=== REQUIRED ACTION ===
Pick out the lines below with "DASHED" and list them.

++++++++++++++++++++

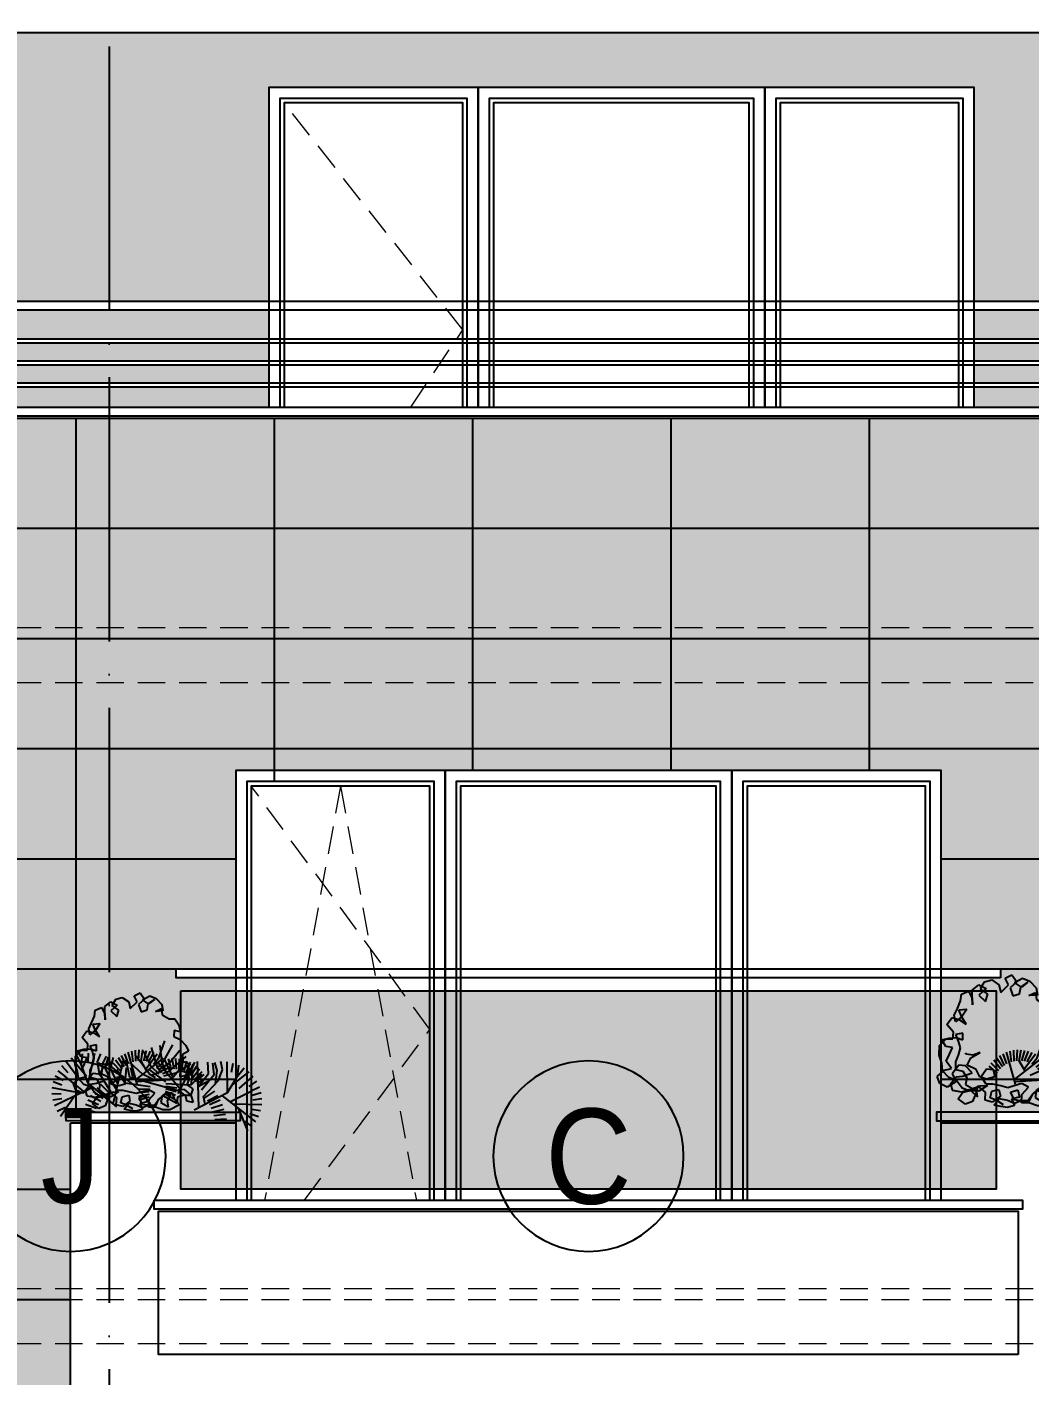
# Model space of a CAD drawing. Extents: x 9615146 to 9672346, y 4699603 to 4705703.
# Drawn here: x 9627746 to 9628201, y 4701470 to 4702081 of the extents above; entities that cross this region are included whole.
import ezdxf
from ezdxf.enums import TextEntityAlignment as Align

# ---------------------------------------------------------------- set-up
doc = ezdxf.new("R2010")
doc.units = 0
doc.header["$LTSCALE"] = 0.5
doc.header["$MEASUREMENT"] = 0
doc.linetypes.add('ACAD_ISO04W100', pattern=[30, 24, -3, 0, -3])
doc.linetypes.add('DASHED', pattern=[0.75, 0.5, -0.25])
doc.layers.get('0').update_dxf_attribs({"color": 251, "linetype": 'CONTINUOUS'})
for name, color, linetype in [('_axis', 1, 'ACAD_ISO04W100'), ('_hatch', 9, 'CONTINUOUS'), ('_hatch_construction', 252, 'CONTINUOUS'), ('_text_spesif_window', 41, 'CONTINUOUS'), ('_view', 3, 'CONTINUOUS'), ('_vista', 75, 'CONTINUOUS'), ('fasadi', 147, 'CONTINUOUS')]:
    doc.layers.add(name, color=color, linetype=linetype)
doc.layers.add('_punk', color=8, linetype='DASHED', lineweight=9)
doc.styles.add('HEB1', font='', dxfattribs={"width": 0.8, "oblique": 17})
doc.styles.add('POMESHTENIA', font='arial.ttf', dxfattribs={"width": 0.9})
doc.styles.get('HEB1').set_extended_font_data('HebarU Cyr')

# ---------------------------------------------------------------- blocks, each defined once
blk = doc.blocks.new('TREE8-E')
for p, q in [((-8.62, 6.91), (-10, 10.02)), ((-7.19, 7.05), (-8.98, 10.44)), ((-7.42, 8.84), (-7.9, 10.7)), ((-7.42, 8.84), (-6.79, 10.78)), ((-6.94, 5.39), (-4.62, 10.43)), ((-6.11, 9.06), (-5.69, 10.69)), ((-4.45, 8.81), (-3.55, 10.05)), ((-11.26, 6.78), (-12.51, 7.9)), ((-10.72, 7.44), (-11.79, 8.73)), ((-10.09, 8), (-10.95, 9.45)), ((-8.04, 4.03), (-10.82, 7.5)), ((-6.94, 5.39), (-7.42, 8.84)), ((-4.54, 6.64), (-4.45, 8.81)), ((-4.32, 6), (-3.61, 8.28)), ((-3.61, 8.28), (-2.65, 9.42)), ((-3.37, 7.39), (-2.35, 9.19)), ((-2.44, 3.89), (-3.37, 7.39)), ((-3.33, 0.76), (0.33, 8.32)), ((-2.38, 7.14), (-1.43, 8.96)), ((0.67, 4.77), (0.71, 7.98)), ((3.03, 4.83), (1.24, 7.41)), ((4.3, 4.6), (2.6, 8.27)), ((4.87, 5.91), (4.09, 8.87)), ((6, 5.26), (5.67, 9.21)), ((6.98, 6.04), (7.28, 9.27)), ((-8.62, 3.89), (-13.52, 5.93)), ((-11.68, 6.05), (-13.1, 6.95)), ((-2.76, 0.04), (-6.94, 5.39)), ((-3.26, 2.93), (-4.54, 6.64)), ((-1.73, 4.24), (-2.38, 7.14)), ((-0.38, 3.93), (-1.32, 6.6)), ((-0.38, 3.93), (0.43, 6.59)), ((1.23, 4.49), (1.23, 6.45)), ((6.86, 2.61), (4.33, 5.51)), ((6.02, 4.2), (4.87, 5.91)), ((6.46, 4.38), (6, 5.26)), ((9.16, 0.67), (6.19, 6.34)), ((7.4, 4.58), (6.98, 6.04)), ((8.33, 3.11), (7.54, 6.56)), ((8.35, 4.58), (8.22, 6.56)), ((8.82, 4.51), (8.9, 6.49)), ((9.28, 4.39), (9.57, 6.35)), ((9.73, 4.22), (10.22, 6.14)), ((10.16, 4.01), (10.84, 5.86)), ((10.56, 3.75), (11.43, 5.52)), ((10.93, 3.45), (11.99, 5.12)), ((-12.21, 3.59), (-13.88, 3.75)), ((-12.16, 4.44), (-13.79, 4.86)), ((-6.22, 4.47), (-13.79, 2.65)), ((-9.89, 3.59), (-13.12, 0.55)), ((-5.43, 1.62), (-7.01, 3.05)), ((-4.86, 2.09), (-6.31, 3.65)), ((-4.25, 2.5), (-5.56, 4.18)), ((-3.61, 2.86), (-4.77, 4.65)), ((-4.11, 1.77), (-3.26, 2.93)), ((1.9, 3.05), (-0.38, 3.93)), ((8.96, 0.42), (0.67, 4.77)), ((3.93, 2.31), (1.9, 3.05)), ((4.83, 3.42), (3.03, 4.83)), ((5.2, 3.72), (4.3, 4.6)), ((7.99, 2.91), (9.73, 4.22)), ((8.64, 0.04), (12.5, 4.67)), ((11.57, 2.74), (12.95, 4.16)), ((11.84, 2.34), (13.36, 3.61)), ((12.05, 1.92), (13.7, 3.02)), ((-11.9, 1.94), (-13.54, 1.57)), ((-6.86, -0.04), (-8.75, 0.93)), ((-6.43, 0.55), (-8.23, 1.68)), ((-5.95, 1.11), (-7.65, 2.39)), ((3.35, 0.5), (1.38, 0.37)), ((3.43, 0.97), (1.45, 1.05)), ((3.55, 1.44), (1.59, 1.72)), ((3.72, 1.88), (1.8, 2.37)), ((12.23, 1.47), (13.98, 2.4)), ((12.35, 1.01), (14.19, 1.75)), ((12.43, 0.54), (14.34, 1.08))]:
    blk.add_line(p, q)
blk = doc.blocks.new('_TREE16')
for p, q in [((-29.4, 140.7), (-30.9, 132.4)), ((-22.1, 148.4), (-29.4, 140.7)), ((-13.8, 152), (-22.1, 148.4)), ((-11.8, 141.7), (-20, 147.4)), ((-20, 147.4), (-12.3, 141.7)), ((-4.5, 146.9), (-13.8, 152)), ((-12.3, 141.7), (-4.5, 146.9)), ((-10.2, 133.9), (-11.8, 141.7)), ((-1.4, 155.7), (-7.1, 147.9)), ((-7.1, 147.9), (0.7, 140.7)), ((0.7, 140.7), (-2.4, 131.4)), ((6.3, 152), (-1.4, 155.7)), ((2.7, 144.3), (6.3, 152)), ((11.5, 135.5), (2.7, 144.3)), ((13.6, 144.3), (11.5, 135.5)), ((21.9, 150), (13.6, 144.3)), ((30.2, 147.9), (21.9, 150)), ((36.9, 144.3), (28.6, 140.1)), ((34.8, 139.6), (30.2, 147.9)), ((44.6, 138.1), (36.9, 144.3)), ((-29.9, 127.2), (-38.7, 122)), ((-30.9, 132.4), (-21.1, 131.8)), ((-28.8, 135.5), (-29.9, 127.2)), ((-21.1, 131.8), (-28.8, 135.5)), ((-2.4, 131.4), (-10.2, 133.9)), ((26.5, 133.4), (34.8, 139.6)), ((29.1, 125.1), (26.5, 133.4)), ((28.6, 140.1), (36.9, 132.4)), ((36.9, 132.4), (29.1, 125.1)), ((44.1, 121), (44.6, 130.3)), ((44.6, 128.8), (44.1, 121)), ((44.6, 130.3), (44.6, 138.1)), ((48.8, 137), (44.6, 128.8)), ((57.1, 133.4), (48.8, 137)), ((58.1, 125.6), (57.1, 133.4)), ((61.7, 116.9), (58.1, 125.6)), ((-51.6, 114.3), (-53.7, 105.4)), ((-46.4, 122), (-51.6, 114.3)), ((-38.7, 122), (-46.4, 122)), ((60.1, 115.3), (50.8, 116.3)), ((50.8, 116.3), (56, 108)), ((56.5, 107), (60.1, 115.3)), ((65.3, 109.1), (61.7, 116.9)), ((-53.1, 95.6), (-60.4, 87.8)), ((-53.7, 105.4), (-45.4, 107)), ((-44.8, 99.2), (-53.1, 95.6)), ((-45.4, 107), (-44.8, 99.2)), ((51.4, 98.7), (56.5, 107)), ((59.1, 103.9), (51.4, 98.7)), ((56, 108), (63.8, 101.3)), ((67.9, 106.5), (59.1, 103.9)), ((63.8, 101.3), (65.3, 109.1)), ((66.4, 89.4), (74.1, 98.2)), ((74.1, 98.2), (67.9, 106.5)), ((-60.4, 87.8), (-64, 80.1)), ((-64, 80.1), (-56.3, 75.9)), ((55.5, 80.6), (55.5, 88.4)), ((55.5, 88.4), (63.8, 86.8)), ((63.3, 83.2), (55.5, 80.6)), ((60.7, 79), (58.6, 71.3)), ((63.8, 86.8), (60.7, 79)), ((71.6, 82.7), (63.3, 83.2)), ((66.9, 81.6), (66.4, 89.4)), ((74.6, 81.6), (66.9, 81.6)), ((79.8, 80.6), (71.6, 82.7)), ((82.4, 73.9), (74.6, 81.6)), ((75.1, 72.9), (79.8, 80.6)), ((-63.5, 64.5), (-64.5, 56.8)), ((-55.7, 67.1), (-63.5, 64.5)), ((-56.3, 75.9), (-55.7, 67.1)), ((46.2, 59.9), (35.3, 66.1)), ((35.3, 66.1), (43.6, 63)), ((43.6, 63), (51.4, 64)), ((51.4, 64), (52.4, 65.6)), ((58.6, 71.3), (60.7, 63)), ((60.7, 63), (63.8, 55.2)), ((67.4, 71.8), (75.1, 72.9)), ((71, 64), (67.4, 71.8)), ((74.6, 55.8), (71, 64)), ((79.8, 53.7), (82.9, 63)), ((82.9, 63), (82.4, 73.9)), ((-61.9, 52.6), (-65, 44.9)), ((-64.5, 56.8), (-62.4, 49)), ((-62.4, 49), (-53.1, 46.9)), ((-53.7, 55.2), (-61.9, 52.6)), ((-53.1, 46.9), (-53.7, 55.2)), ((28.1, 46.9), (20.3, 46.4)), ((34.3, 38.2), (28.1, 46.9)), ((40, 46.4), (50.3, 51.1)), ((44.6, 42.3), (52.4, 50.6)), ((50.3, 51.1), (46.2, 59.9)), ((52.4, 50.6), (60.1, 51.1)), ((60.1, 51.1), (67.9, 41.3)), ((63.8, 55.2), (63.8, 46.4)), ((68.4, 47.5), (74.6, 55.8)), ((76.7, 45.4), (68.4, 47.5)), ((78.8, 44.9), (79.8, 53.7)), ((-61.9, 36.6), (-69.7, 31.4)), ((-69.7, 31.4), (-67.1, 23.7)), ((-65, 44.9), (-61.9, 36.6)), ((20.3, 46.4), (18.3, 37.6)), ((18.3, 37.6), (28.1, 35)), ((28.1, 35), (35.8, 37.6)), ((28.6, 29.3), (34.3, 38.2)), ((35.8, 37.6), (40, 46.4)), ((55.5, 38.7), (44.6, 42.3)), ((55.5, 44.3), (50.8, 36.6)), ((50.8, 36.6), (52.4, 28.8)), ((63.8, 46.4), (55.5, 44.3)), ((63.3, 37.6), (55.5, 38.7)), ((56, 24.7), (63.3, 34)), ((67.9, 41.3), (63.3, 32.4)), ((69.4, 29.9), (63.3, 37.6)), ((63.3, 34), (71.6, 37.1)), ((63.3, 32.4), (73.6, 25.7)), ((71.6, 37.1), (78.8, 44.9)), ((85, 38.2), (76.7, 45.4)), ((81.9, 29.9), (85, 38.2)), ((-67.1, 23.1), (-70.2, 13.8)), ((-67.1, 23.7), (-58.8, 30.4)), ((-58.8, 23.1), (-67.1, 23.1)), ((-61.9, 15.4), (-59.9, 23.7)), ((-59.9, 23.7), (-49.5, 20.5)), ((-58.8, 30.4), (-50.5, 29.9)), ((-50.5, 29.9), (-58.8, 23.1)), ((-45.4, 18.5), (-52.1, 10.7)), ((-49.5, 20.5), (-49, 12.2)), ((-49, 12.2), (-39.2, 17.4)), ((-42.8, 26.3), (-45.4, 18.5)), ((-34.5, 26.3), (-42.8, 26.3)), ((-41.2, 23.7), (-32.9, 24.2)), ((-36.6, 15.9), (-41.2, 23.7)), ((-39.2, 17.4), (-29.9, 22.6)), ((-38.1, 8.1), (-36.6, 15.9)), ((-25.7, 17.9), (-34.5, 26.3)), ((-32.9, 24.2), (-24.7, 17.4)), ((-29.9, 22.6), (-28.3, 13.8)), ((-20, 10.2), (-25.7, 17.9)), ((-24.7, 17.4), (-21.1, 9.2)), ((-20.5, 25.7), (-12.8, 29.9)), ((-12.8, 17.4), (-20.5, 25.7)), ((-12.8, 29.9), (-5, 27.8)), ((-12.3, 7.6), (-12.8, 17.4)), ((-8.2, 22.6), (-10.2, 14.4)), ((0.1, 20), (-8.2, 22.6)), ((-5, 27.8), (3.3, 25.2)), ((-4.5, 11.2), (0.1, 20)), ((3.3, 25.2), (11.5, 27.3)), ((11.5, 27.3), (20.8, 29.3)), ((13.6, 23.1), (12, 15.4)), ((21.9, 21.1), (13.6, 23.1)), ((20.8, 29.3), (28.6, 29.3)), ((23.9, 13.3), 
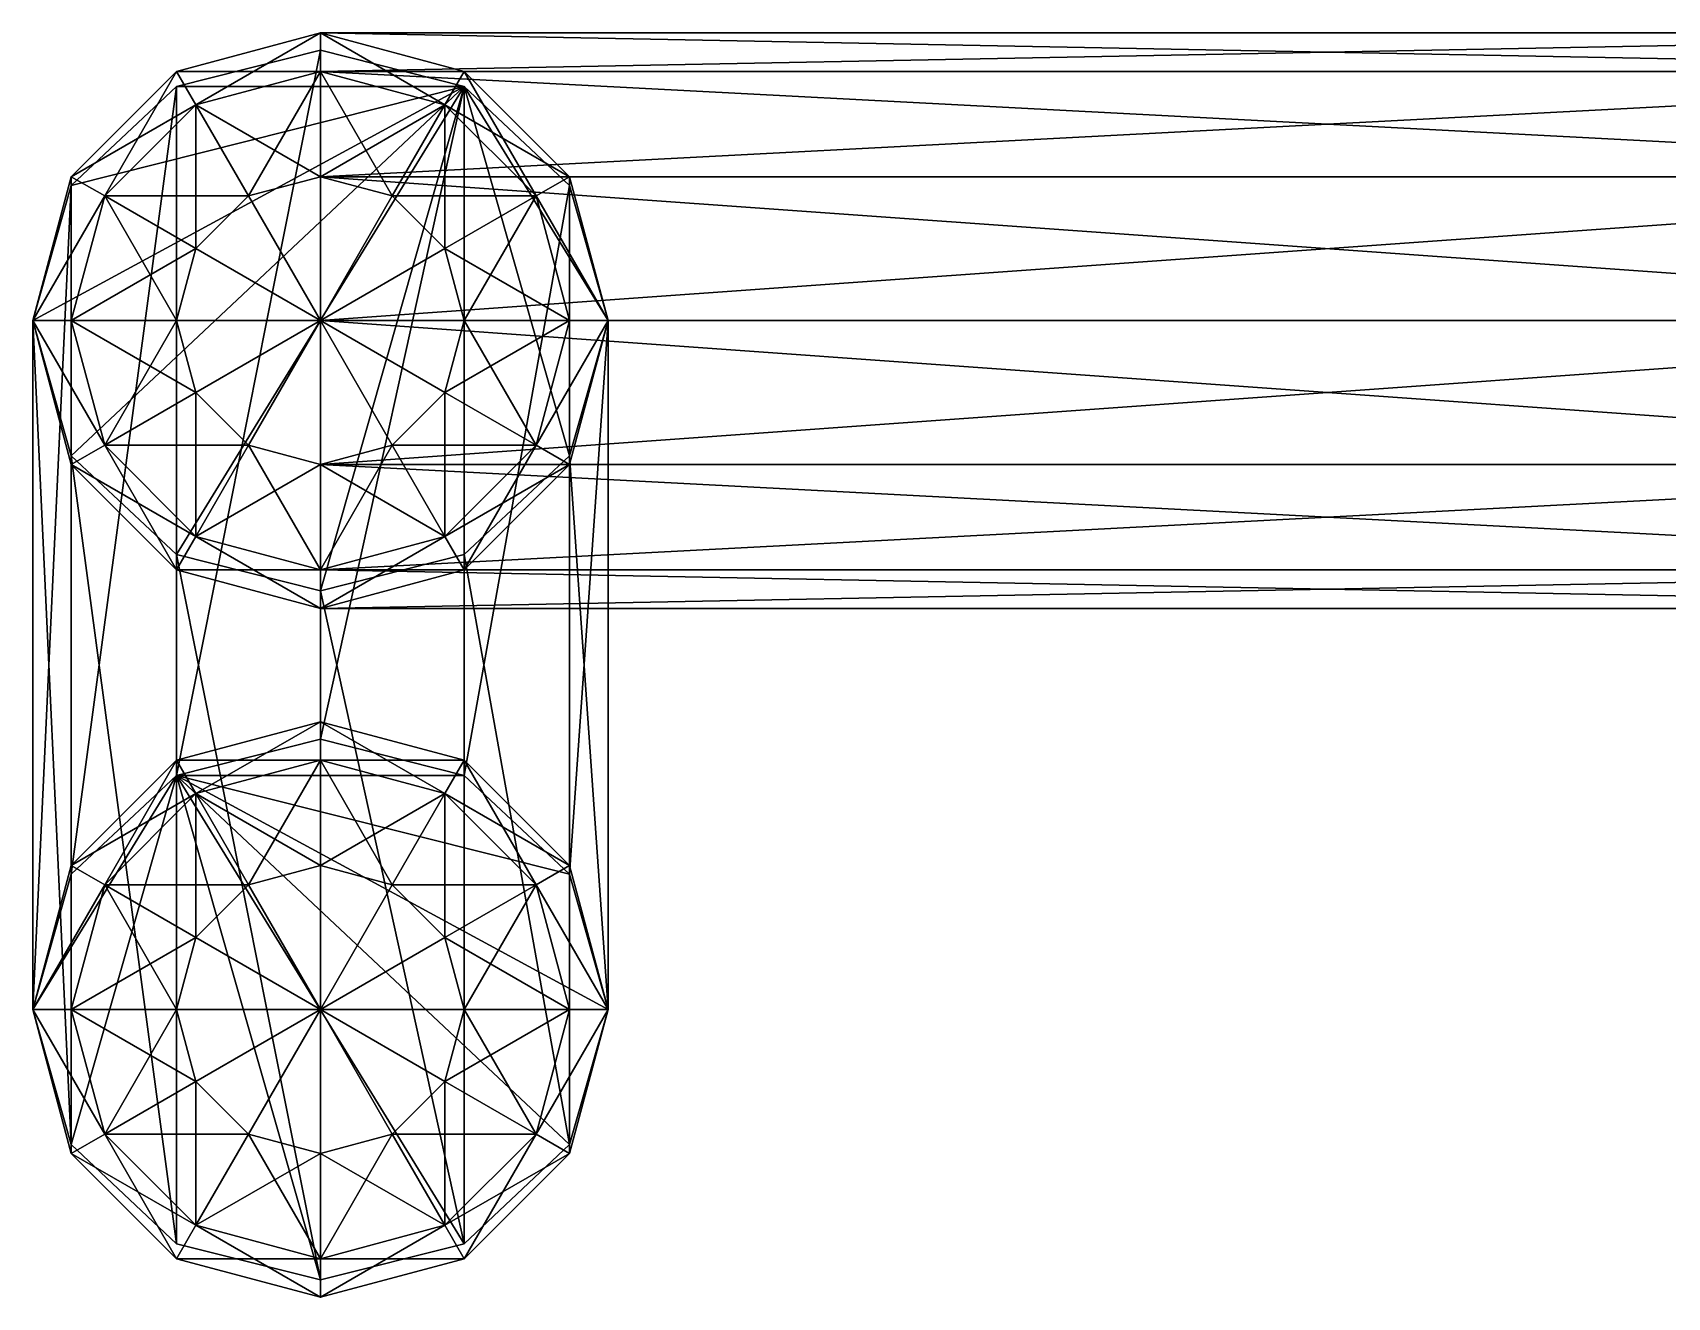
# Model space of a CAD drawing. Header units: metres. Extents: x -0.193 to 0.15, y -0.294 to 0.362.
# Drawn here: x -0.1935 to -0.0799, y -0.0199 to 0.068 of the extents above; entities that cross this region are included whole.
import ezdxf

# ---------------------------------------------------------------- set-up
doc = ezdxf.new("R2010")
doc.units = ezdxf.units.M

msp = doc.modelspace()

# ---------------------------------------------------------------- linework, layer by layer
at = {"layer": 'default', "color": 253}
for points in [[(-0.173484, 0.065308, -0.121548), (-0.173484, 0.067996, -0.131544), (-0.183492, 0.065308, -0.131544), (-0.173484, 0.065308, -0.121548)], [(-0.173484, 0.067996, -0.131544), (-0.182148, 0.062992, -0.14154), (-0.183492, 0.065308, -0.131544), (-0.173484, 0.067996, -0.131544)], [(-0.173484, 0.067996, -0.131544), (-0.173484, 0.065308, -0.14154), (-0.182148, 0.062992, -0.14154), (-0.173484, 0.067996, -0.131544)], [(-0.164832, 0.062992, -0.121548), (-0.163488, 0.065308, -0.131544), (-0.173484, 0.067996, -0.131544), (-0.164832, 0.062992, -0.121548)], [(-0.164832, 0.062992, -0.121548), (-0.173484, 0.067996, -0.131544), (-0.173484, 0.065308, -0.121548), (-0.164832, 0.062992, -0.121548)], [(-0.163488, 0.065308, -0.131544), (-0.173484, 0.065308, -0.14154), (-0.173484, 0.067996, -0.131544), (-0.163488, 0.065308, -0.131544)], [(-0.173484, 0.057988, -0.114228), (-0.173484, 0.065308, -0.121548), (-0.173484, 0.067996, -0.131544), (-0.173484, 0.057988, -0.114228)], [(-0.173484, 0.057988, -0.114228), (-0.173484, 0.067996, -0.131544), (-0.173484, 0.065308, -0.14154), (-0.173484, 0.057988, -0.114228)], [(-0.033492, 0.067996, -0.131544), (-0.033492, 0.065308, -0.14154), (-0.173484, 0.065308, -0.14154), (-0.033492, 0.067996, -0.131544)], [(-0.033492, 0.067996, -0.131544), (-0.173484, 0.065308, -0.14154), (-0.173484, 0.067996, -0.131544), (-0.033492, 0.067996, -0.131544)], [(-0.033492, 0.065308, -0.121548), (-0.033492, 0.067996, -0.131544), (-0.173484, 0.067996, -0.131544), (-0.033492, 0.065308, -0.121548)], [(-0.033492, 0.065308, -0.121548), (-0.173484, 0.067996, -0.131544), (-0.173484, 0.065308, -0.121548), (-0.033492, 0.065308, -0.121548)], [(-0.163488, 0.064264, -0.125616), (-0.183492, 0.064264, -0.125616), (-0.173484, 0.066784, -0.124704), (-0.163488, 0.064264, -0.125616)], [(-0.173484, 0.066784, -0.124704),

++++++++++++++++++++

=== SOLUTION ===
doc.linetypes.add('DASHED', pattern=[0.75, 0.5, -0.25])
doc.layers.add('_punk', color=8, linetype='DASHED', lineweight=9)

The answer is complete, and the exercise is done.